[Items listed in a dataset]
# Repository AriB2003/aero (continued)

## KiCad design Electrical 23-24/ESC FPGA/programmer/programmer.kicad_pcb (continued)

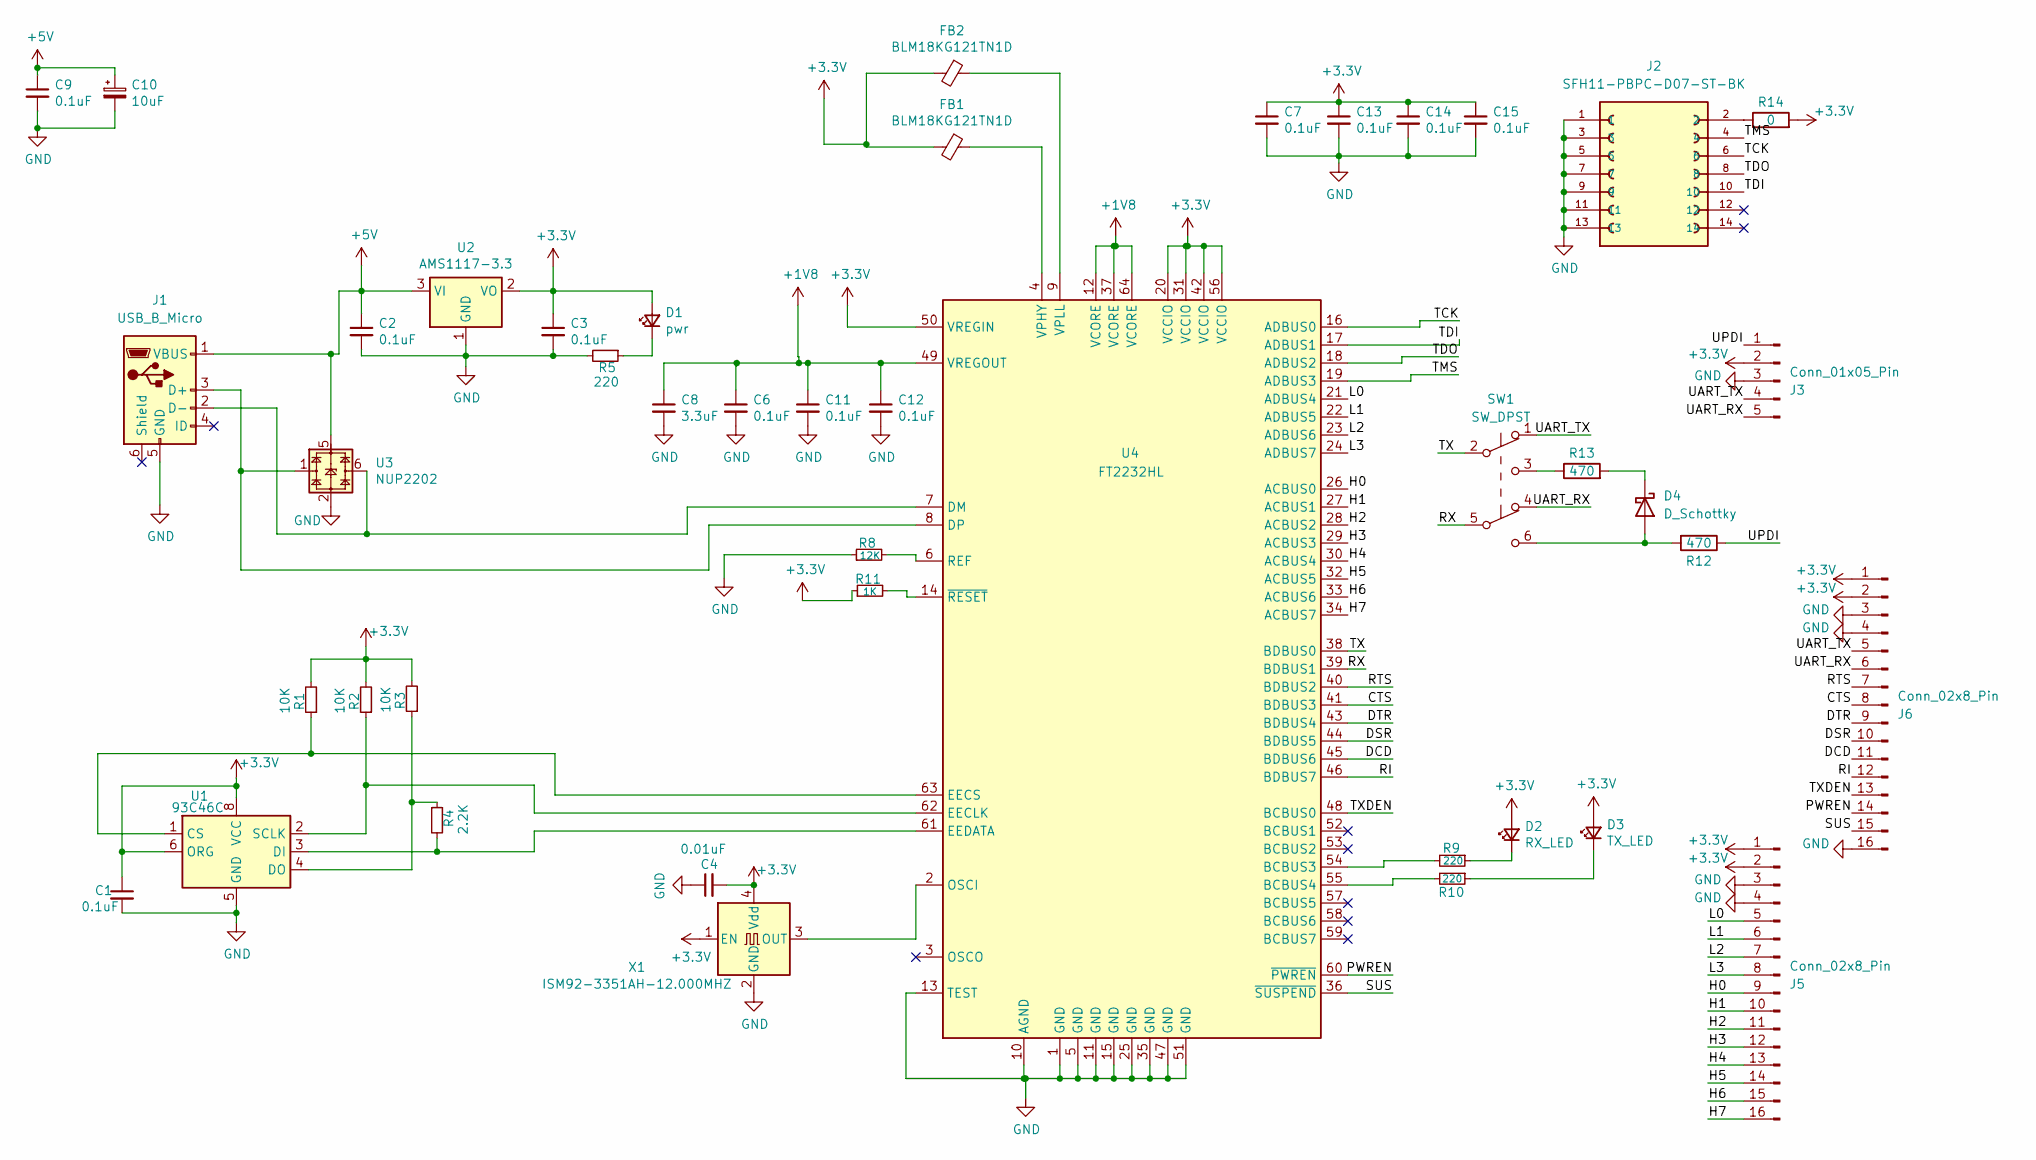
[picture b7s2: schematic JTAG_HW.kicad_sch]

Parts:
C1, C2, C3, C6, C7, C9, C11, C12, C13, C14, C15: 0.1uF; C_0603_1608Metric_Pad1.08x0.95mm_HandSolder
C4: 0.01uF; C_0603_1608Metric_Pad1.08x0.95mm_HandSolder
C8: 3.3uF; C_0603_1608Metric_Pad1.08x0.95mm_HandSolder
C10: 10uF; C_0603_1608Metric_Pad1.08x0.95mm_HandSolder
D1: pwr; LED_0603_1608Metric_Pad1.05x0.95mm_HandSolder
D2: RX_LED; LED_0603_1608Metric_Pad1.05x0.95mm_HandSolder
D3: TX_LED; LED_0603_1608Metric_Pad1.05x0.95mm_HandSolder
D4: D_Schottky; D_0603_1608Metric_Pad1.05x0.95mm_HandSolder
FB1, FB2: BLM18KG121TN1D; L_0603_1608Metric_Pad1.05x0.95mm_HandSolder
J1: USB_B_Micro; USB_Micro-B_Amphenol_10118193-0001LF_Horizontal
J2: SFH11-PBPC-D07-ST-BK; SULLINS_SFH11-PBPC-D07-ST-BK; PARTREV J
J3: Conn_01x05_Pin; PinSocket_1x05_P2.54mm_Horizontal
J5, J6: Conn_02x8_Pin; PinHeader_2x08_P2.54mm_Vertical
R1, R2, R3: 10K; R_0603_1608Metric_Pad0.98x0.95mm_HandSolder
R4: 2.2K; R_0603_1608Metric_Pad0.98x0.95mm_HandSolder
R5, R9, R10: 220; R_0603_1608Metric_Pad0.98x0.95mm_HandSolder
R8: 12K; R_0603_1608Metric_Pad0.98x0.95mm_HandSolder
R11: 1K; R_0603_1608Metric_Pad0.98x0.95mm_HandSolder
R12, R13: 470; R_0603_1608Metric_Pad0.98x0.95mm_HandSolder
R14: 0; R_0603_1608Metric_Pad0.98x0.95mm_HandSolder
SW1: SW_DPST; DPDT
U1: 93C46C; SOIC-8_3.9x4.9mm_P1.27mm
U2: AMS1117-3.3; SOT-223
U3: NUP2202; SOT-363_SC-70-6
U4: FT2232HL; LQFP-64_10x10mm_P0.5mm
X1: ISM92-3351AH-12.000MHZ; Oscillator_SMD_Abracon_ASE-4Pin_3.2x2.5mm_HandSoldering

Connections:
+1V8: C6.1, C8.1, C11.1, C12.1, U4.12 (VCORE), U4.37 (VCORE), U4.49 (VREGOUT), U4.64 (VCORE)
+3.3V: C1.1, C3.1, C4.2, C7.1, C13.1, C14.1, C15.1, D1.2 (A), D2.2 (A), D3.2 (A), FB1.2, FB2.2, J3.2, J5.1, J5.2, J6.1, J6.2, R1.2, R2.2, R3.2, R11.1, R14.2, U1.6 (ORG), U1.8 (VCC), U2.2 (VO), U4.20 (VCCIO), U4.31 (VCCIO), U4.42 (VCCIO), U4.50 (VREGIN), U4.56 (VCCIO), X1.1 (EN), X1.4 (Vdd)
+5V: C2.1, C9.1, C10.1, J1.1 (VBUS), U2.3 (VI), U3.5
/prog/CTS: J6.8, U4.41 (BDBUS3)
/prog/DCD: J6.11, U4.45 (BDBUS6)
/prog/DSR: J6.10, U4.44 (BDBUS5)
/prog/DTR: J6.9, U4.43 (BDBUS4)
/prog/H0: J5.9, U4.26 (ACBUS0)
/prog/H1: J5.10, U4.27 (ACBUS1)
/prog/H2: J5.11, U4.28 (ACBUS2)
/prog/H3: J5.12, U4.29 (ACBUS3)
/prog/H4: J5.13, U4.30 (ACBUS4)
/prog/H5: J5.14, U4.32 (ACBUS5)
/prog/H6: J5.15, U4.33 (ACBUS6)
/prog/H7: J5.16, U4.34 (ACBUS7)
/prog/L0: J5.5, U4.21 (ADBUS4)
/prog/L1: J5.6, U4.22 (ADBUS5)
/prog/L2: J5.7, U4.23 (ADBUS6)
/prog/L3: J5.8, U4.24 (ADBUS7)
/prog/PWREN: J6.14, U4.60 (~PWREN)
/prog/RI: J6.12, U4.46 (BDBUS7)
/prog/RTS: J6.7, U4.40 (BDBUS2)
/prog/RX: SW1.5 (B), U4.39 (BDBUS1)
/prog/SUS: J6.15, U4.36 (~SUSPEND)
/prog/TCK: J2.6, U4.16 (ADBUS0)
/prog/TDI: J2.10, U4.17 (ADBUS1)
/prog/TDO: J2.8, U4.18 (ADBUS2)
/prog/TMS: J2.4, U4.19 (ADBUS3)
/prog/TX: SW1.2 (B), U4.38 (BDBUS0)
/prog/TXDEN: J6.13, U4.48 (BCBUS0)
/prog/UART_RX: J3.5, J6.6, SW1.4 (A)
/prog/UART_TX: J3.4, J6.5, SW1.1 (A)
/prog/UPDI: J3.1, R12.1
GND: C1.2, C2.2, C3.2, C4.1, C6.2, C7.2, C8.2, C9.2, C10.2, C11.2, C12.2, C13.2, C14.2, C15.2, J1.5 (GND), J2.1, J2.3, J2.5, J2.7, J2.9, J2.11, J2.13, J3.3, J5.3, J5.4, J6.3, J6.4, J6.16, R5.2, R8.1, U1.5 (GND), U2.1 (GND), U3.2, U4.1 (GND), U4.5 (GND), U4.10 (AGND), U4.11 (GND), U4.13 (TEST), U4.15 (GND), U4.25 (GND), U4.35 (GND), U4.47 (GND), U4.51 (GND), X1.2 (GND)
unnamed: D1.1 (K), R5.1
unnamed: D2.1 (K), R9.1
unnamed: D3.1 (K), R10.1
unnamed: D4.2 (A), R12.2, SW1.6 (C)
unnamed: D4.1 (K), R13.2
unnamed: J1.3 (D+), U3.1, U4.8 (DP)
unnamed: J1.2 (D-), U3.6, U4.7 (DM)
unnamed: J2.2, R14.1
unnamed: R13.1, SW1.3 (C)
unnamed: R1.1, U1.1 (CS), U4.63 (EECS)
unnamed: R4.2, U1.3 (DI), U4.61 (EEDATA)
unnamed: R3.1, R4.1, U1.4 (DO)
unnamed: R2.1, U1.2 (SCLK), U4.62 (EECLK)
unnamed: R9.2, U4.54 (BCBUS3)
unnamed: R10.2, U4.55 (BCBUS4)
unnamed: U4.2 (OSCI), X1.3 (OUT)
unnamed: R8.2, U4.6 (REF)
unnamed: FB1.1, U4.4 (VPHY)
unnamed: FB2.1, U4.9 (VPLL)
unnamed: R11.2, U4.14 (~RESET)

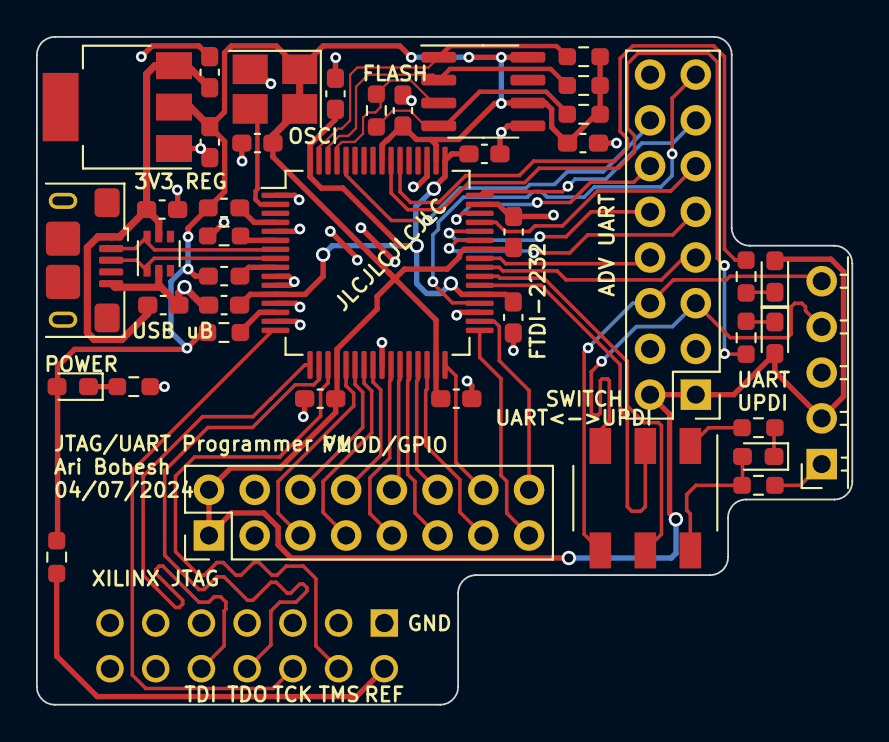
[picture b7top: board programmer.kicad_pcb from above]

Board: 2 copper layers, 45.3 x 37.1 mm, 43 parts (1 on the bottom side), 54 nets.

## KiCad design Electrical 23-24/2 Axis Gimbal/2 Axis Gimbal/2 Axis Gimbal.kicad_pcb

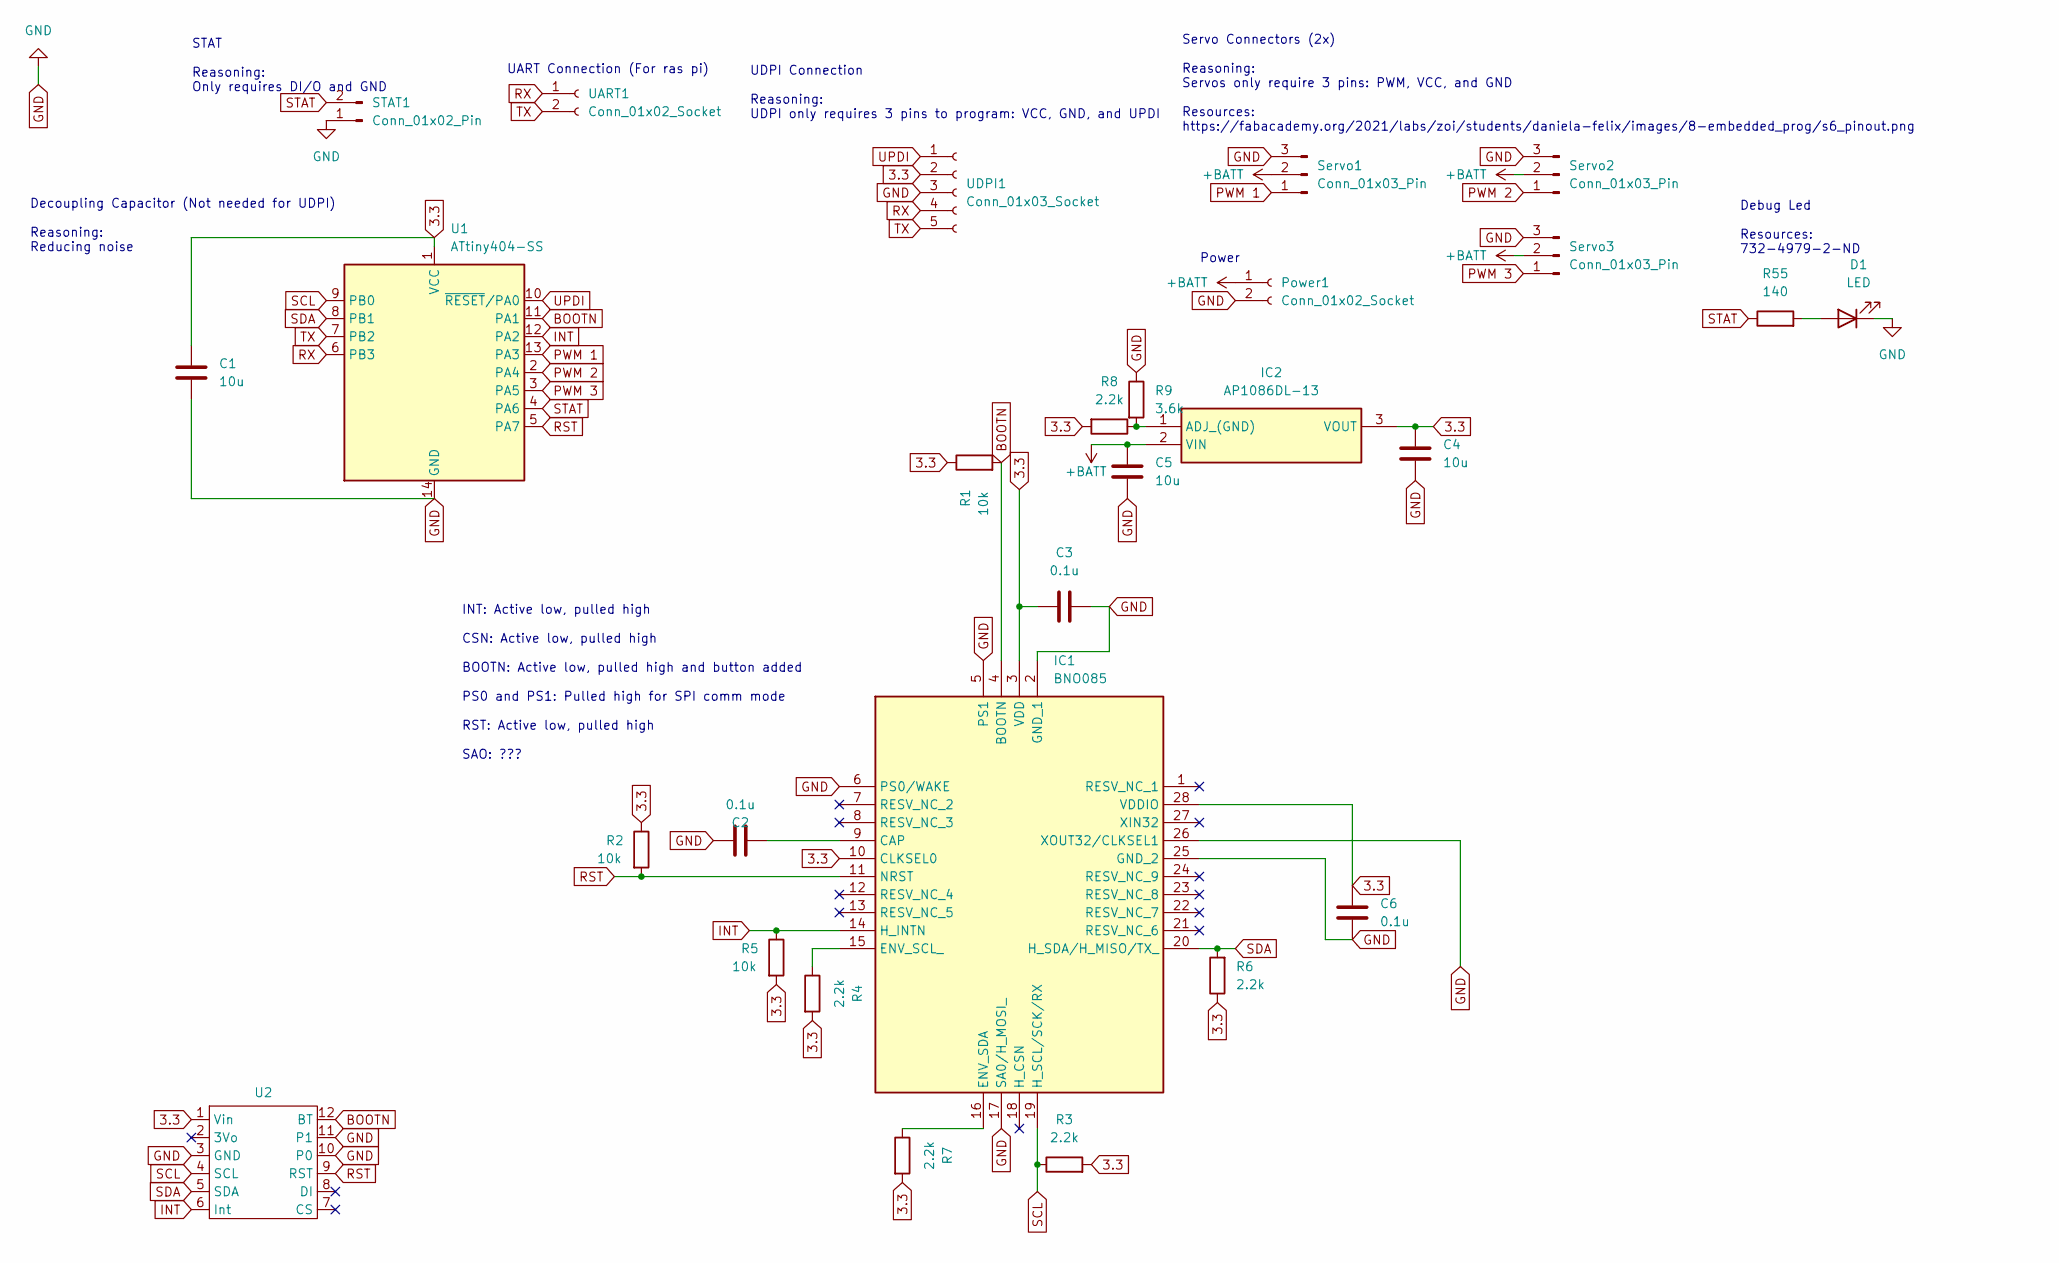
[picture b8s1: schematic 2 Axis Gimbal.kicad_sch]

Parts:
C1: 10u; C_0603_1608Metric_Pad1.08x0.95mm_HandSolder; MPN 1276-1052-1-ND
C2, C3, C6: 0.1u; C_0603_1608Metric_Pad1.08x0.95mm_HandSolder; MPN 478-3352-1-ND
C4, C5: 10u; C_0603_1608Metric_Pad1.08x0.95mm_HandSolder; MPN 445-1413-1-ND
D1: LED; LED_0603_1608Metric_Pad1.05x0.95mm_HandSolder
IC1: BNO085; Mouser Part Number 526-BNO085
IC2: AP1086DL-13; TO252-3L_1; Mouser Part Number 621-AP1086DL-13
Power1: Conn_01x02_Socket; JST_XH_B2B-XH-A_1x02_P2.50mm_Vertical
R1, R2, R5: 10k; R_0603_1608Metric_Pad0.98x0.95mm_HandSolder
R3, R4, R6, R7, R8: 2.2k; R_0603_1608Metric_Pad0.98x0.95mm_HandSolder
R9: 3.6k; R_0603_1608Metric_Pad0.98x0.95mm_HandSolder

*EXERCISE BRIEF*.
Print the lines above from the one with "C4, C5: 10u;" through the one with "IC2: AP1086DL-13; TO252-3L_1;", both included, exactly as written and nothing more.

*FINISHED EXERCISE*.
C4, C5: 10u; C_0603_1608Metric_Pad1.08x0.95mm_HandSolder; MPN 445-1413-1-ND
D1: LED; LED_0603_1608Metric_Pad1.05x0.95mm_HandSolder
IC1: BNO085; Mouser Part Number 526-BNO085
IC2: AP1086DL-13; TO252-3L_1; Mouser Part Number 621-AP1086DL-13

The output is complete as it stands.